Phosphorescent Pt(ii) complexes bearing a monoanionic C^N^N luminophore and tunable ancillary ligands

A new monoanionic pincer luminophore is presented, yielding phosphorescent Pt(ii) complexes bearing a neutral 1,2,3-triazole ring introduced via click chemistry. The overall charge, intermolecular interactions and excited state properties can be manipulated and controlled.

Influence of the monodentate ancillary ligand on the photophysical properties of Pt(II) complexes bearing a symmetric dianionic tridentate luminophore

Herein we present a study of the influence of the ancillary ligand on the photophysical properties of Pt(II) complexes with a symmetric tridentate luminophore. Starting from a previously used bulky triphenylphosphane (PPh3) as the monodentate ancillary ligand, progressively smaller ancillary ligands were introduced, namely a PPh2Me and a PPhMe2 and finally compared with a planar 4-amylpyridine. We observed that the emission wavelength of the monomer was not influenced by the monodentate ligand, and that excimer formation only occurs for the fully planar complex. Surprisingly, intermolecular deactivation pathways can be largely suppressed even with the smallest phosphane. This knowledge is important for the design and realization of triplet emitters for optoelectronic devices.

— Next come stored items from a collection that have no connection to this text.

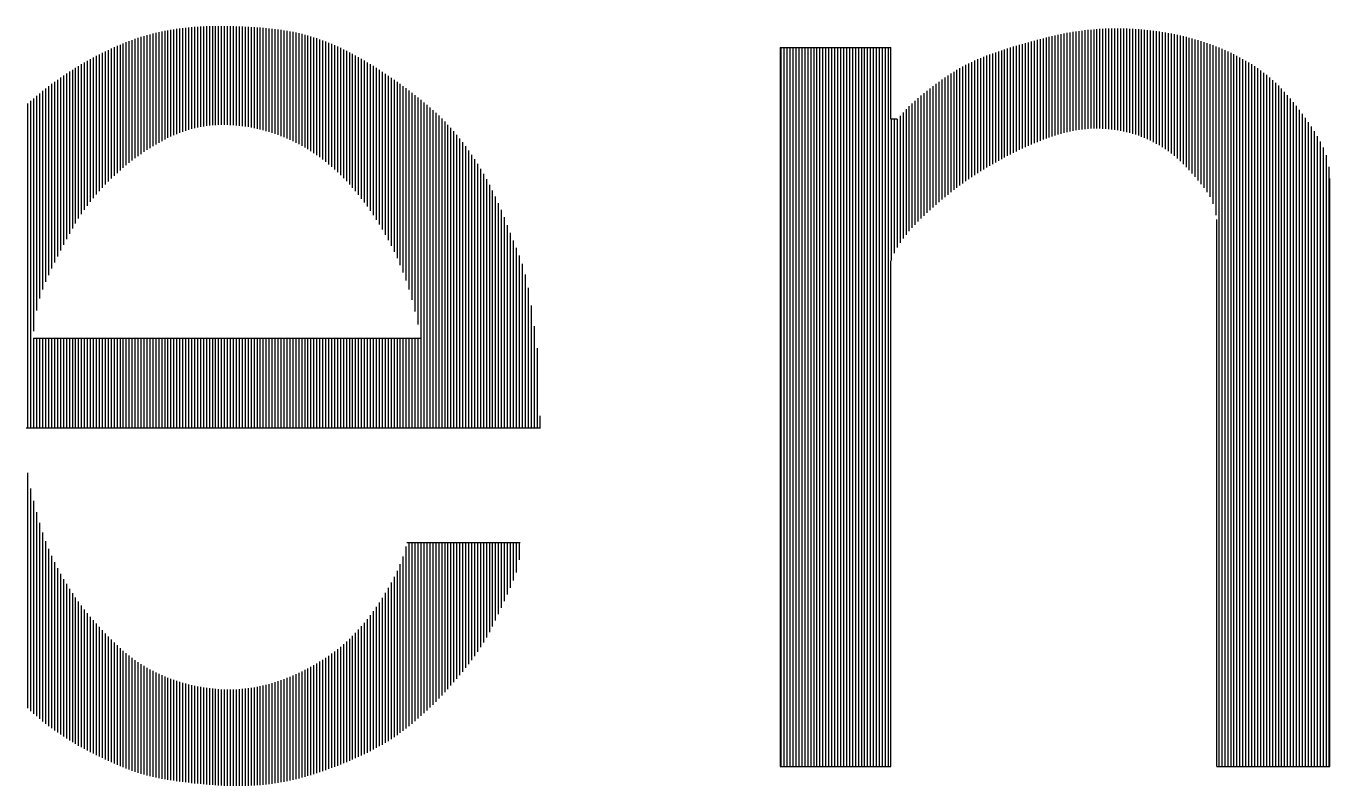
# Model space of a CAD drawing. Extents: x -2502 to 14741, y -2417 to 9756.
# Drawn here: x 13972 to 14031.1, y -1739.1 to -1704.7 of the extents above; entities that cross this region are included whole.
import ezdxf
from ezdxf.enums import TextEntityAlignment as Align

# ---------------------------------------------------------------- set-up
doc = ezdxf.new("R2010")
doc.units = 0
doc.header["$LTSCALE"] = 60
doc.header["$MEASUREMENT"] = 0
doc.layers.add('RLA-FORMATO', color=7, linetype='CONTINUOUS')
doc.layers.add('RLA-LOGO', color=7, linetype='CONTINUOUS')
doc.styles.add('ROMAND', font='romand', dxfattribs={"height": 31.5})
doc.styles.add('ROMANS', font='ROMANS.shx', dxfattribs={"height": 16.87})

# ---------------------------------------------------------------- blocks, each defined once
blk = doc.blocks.new('viñeta-rl')
at = {"layer": 'RLA-LOGO', "color": 8, "true_color": 0x707070}
for p, q in [((-251.789, 234.81), (-251.789, 233.157)), ((-251.744, 234.819), (-251.744, 233.18)), ((-251.699, 234.828), (-251.699, 233.203)), ((-251.654, 234.836), (-251.654, 233.224)), ((-251.609, 234.843), (-251.609, 233.244)), ((-251.564, 234.85), (-251.564, 233.263)), ((-251.519, 234.856), (-251.519, 233.281)), ((-251.474, 234.862), (-251.474, 233.298)), ((-251.429, 234.867), (-251.429, 233.313)), ((-251.384, 234.871), (-251.384, 233.327)), ((-251.339, 234.875), (-251.339, 233.339)), ((-251.294, 234.879), (-251.294, 233.351)), ((-251.249, 234.882), (-251.249, 233.361)), ((-251.204, 234.885), (-251.204, 233.37)), ((-251.159, 234.887), (-251.159, 233.377)), ((-251.114, 234.889), (-251.114, 233.384)), ((-251.069, 234.89), (-251.069, 233.389)), ((-251.024, 234.891), (-251.024, 233.394)), ((-250.979, 234.892), (-250.979, 233.397)), ((-250.934, 234.892), (-250.934, 233.399)), ((-250.889, 234.892), (-250.889, 233.4)), ((-250.844, 234.892), (-250.844, 233.401)), ((-250.799, 234.891), (-250.799, 233.4)), ((-250.754, 234.89), (-250.754, 233.398)), ((-250.709, 234.889), (-250.709, 233.396)), ((-250.664, 234.887), (-250.664, 233.392)), ((-250.619, 234.886), (-250.619, 233.388)), ((-250.574, 234.884), (-250.574, 233.382)), ((-250.529, 234.882), (-250.529, 233.376)), ((-250.484, 234.88), (-250.484, 233.369)), ((-250.439, 234.877), (-250.439, 233.361)), ((-250.394, 234.875), (-250.394, 233.352)), ((-250.349, 234.872), (-250.349, 233.342)), ((-250.304, 234.869), (-250.304, 233.332)), ((-250.259, 234.865), (-250.259, 233.32)), ((-250.214, 234.861), (-250.214, 233.308)), ((-250.169, 234.857), (-250.169, 233.295)), ((-250.124, 234.852), (-250.124, 233.28)), ((-250.079, 234.847), (-250.079, 233.265)), ((-250.034, 234.841), (-250.034, 233.249)), ((-249.989, 234.835), (-249.989, 233.232)), ((-249.944, 234.828), (-249.944, 233.214)), ((-249.899, 234.821), (-249.899, 233.195)), ((-249.854, 234.813), (-249.854, 233.175)), ((-249.809, 234.804), (-249.809, 233.154)), ((-238.024, 234.804), (-238.024, 233.311)), ((-237.979, 234.811), (-237.979, 233.319)), ((-237.934, 234.817), (-237.934, 233.326)), ((-237.889, 234.823), (-237.889, 233.332)), ((-237.844, 234.829), (-237.844, 233.337)), ((-237.799, 234.834), (-237.799, 233.341)), ((-237.754, 234.838), (-237.754, 233.344)), ((-237.709, 234.842), (-237.709, 233.345)), ((-237.664, 234.846), (-237.664, 233.346)), ((-237.619, 234.849), (-237.619, 233.345)), ((-237.574, 234.852), (-237.574, 233.343)), ((-237.529, 234.854), (-237.529, 233.341)), ((-237.484, 234.855), (-237.484, 233.337)), ((-237.439, 234.856), (-237.439, 233.332)), ((-237.394, 234.857), (-237.394, 233.326)), ((-237.349, 234.857), (-237.349, 233.319)), ((-237.304, 234.857), (-237.304, 233.311)), ((-237.259, 234.856), (-237.259, 233.302)), ((-237.214, 234.855), (-237.214, 233.291)), ((-237.169, 234.853), (-237.169, 233.28)), ((-237.124, 234.851), (-237.124, 233.267)), ((-237.079, 234.848), (-237.079, 233.253)), ((-237.034, 234.845), (-237.034, 233.238)), ((-236.989, 234.842), (-236.989, 233.222)), ((-236.944, 234.837), (-236.944, 233.204)), ((-236.899, 234.833), (-236.899, 233.185)), ((-236.854, 234.828), (-236.854, 233.164)), ((-236.809, 234.822), (-236.809, 233.142)), ((-236.764, 234.816), (-236.764, 233.117)), ((-236.719, 234.809), (-236.719, 233.092)), ((-252.419, 234.611), (-252.419, 232.714)), ((-252.374, 234.63), (-252.374, 232.752)), ((-252.329, 234.648), (-252.329, 232.79)), ((-252.284, 234.665), (-252.284, 232.826)), ((-252.239, 234.682), (-252.239, 232.862)), ((-252.194, 234.698), (-252.194, 232.896)), ((-252.149, 234.713), (-252.149, 232.929)), ((-252.104, 234.728), (-252.104, 232.961)), ((-252.059, 234.742), (-252.059, 232.992)), ((-252.014, 234.755), (-252.014, 233.022)), ((-251.969, 234.767), (-251.969, 233.051)), ((-251.924, 234.779), (-251.924, 233.079)), ((-251.879, 234.79), (-251.879, 233.106)), ((-251.834, 234.801), (-251.834, 233.132)), ((-249.764, 234.795), (-249.764, 233.132)), ((-249.719, 234.785), (-249.719, 233.109)), ((-249.674, 234.774), (-249.674, 233.084)), ((-249.629, 234.762), (-249.629, 233.059)), ((-249.584, 234.75), (-249.584, 233.032)), ((-249.539, 234.737), (-249.539, 233.004)), ((-249.494, 234.722), (-249.494, 232.974)), ((-249.449, 234.708), (-249.449, 232.943)), ((-249.404, 234.692), (-249.404, 232.911)), ((-249.359, 234.676), (-249.359, 232.877)), ((-249.314, 234.659), (-249.314, 232.842)), ((-249.269, 234.641), (-249.269, 232.805)), ((-249.224, 234.622), (-249.224, 232.767)), ((-238.834, 234.609), (-238.834, 233.022)), ((-238.789, 234.621), (-238.789, 233.043)), ((-238.744, 234.634), (-238.744, 233.064)), ((-238.699, 234.646), (-238.699, 233.084)), ((-238.654, 234.659), (-238.654, 233.104)), ((-238.609, 234.671), (-238.609, 233.123)), ((-238.564, 234.683), (-238.564, 233.142)), ((-238.519, 234.695), (-238.519, 233.16)), ((-238.474, 234.707), (-238.474, 233.178)), ((-238.429, 234.718), (-238.429, 233.195)), ((-238.384, 234.729), (-238.384, 233.211)), ((-238.339, 234.74), (-238.339, 233.226)), ((-238.294, 234.751), (-238.294, 233.241)), ((-238.249, 234.761), (-238.249, 233.255)), ((-238.204, 234.77), (-238.204, 233.268)), ((-238.159, 234.78), (-238.159, 233.28)), ((-238.114, 234.788), (-238.114, 233.291)), ((-238.069, 234.796), (-238.069, 233.302)), ((-236.674, 234.802), (-236.674, 233.064)), ((-236.629, 234.795), (-236.629, 233.034)), ((-236.584, 234.787), (-236.584, 233.002)), ((-236.539, 234.778), (-236.539, 232.968)), ((-236.494, 234.769), (-236.494, 232.932)), ((-236.449, 234.76), (-236.449, 232.893)), ((-236.404, 234.75), (-236.404, 232.852)), ((-236.359, 234.739), (-236.359, 232.809)), ((-236.314, 234.728), (-236.314, 232.764)), ((-236.269, 234.716), (-236.269, 232.717)), ((-236.224, 234.704), (-236.224, 232.667)), ((-236.179, 234.691), (-236.179, 232.616)), ((-236.134, 234.678), (-236.134, 232.563)), ((-236.089, 234.664), (-236.089, 232.507)), ((-236.044, 234.65), (-236.044, 232.45)), ((-235.999, 234.635), (-235.999, 232.387)), ((-235.954, 234.619), (-235.954, 232.314)), ((-252.824, 234.417), (-252.824, 232.295)), ((-252.779, 234.441), (-252.779, 232.349)), ((-252.734, 234.464), (-252.734, 232.401)), ((-252.689, 234.487), (-252.689, 232.451)), ((-252.644, 234.509), (-252.644, 232.499)), ((-252.599, 234.531), (-252.599, 232.545)), ((-252.554, 234.552), (-252.554, 232.589)), ((-252.509, 234.572), (-252.509, 232.632)), ((-252.464, 234.592), (-252.464, 232.674)), ((-249.179, 234.603), (-249.179, 232.727)), ((-249.134, 234.583), (-249.134, 232.685)), ((-249.089, 234.562), (-249.089, 232.642)), ((-249.044, 234.541), (-249.044, 232.597)), ((-248.999, 234.519), (-248.999, 232.55)), ((-248.954, 234.496), (-248.954, 232.501)), ((-248.909, 234.472), (-248.909, 232.451)), ((-248.864, 234.448), (-248.864, 232.398)), ((-248.819, 234.423), (-248.819, 232.343)), ((-242.445, 234.568), (-242.445, 223.713)), ((-242.445, 234.568), (-240.771, 234.568)), ((-242.434, 234.568), (-242.434, 223.713)), ((-242.389, 234.568), (-242.389, 223.713)), ((-242.344, 234.568), (-242.344, 223.713)), ((-242.299, 234.568), (-242.299, 223.713)), ((-242.254, 234.568), (-242.254, 223.713)), ((-242.209, 234.568), (-242.209, 223.713)), ((-242.164, 234.568), (-242.164, 223.713)), ((-242.119, 234.568), (-242.119, 223.713)), ((-242.074, 234.568), (-242.074, 223.713)), ((-242.029, 234.568), (-242.029, 223.713)), ((-241.984, 234.568), (-241.984, 223.713)), ((-241.939, 234.568), (-241.939, 223.713)), ((-241.894, 234.568), (-241.894, 223.713)), ((-241.849, 234.568), (-241.849, 223.713)), ((-241.804, 234.568), (-241.804, 223.713)), ((-241.759, 234.568), (-241.759, 223.713)), ((-241.714, 234.568), (-241.714, 223.713)), ((-241.669, 234.568), (-241.669, 223.713)), ((-241.624, 234.568), (-241.624, 223.713)), ((-241.579, 234.568), (-241.579, 223.713)), ((-241.534, 234.568), (-241.534, 223.713)), ((-241.489, 234.568), (-241.489, 223.713)), ((-241.444, 234.568), (-241.444, 223.713)), ((-241.399, 234.568), (-241.399, 223.713)), ((-241.354, 234.568), (-241.354, 223.713)), ((-241.309, 234.568), (-241.309, 223.713)), ((-241.264, 234.568), (-241.264, 223.713)), ((-241.219, 234.568), (-241.219, 223.713)), ((-241.174, 234.568), (-241.174, 223.713)), ((-241.129, 234.568), (-241.129, 223.713)), ((-241.084, 234.568), (-241.084, 223.713)), ((-241.039, 234.568), (-241.039, 223.713)), ((-240.994, 234.568), (-240.994, 223.713)), ((-240.949, 234.568), (-240.949, 223.713)), ((-240.904, 234.568), (-240.904, 223.713)), ((-240.859, 234.568), (-240.859, 223.713)), ((-240.814, 234.568), (-240.814, 223.713)), ((-240.771, 233.486), (-240.771, 234.568)), ((-239.419, 234.41), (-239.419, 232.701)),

Synthesis, photophysical characterization and DFT studies on fluorine-free deep-blue emitting Pt(II) complexes

Herein we show that cyclometalated, square planar Pt(II) complexes can be tuned to achieve deep-blue phosphorescent emitters. For this purpose, the introduction of an electron-donating moiety on two different bidentate NˆN and NˆO fluorine-free luminophores, namely 2-(1H-tetrazol-5-yl)pyridine and picolinic acid, was carried out. The remaining two coordination sites of the Pt(II) metal center were filled by a sterically demanding cyclometallating unit, namely a tertiary phosphite CˆP ligand. This ancillary ligand avoids aggregation and provides high solubility in organic solvents. Based on this approach, we were able to blue-shift the emission of the complexes down to 411 nm, and to achieve a maximal photoluminescence quantum yield of 56% in the solid state.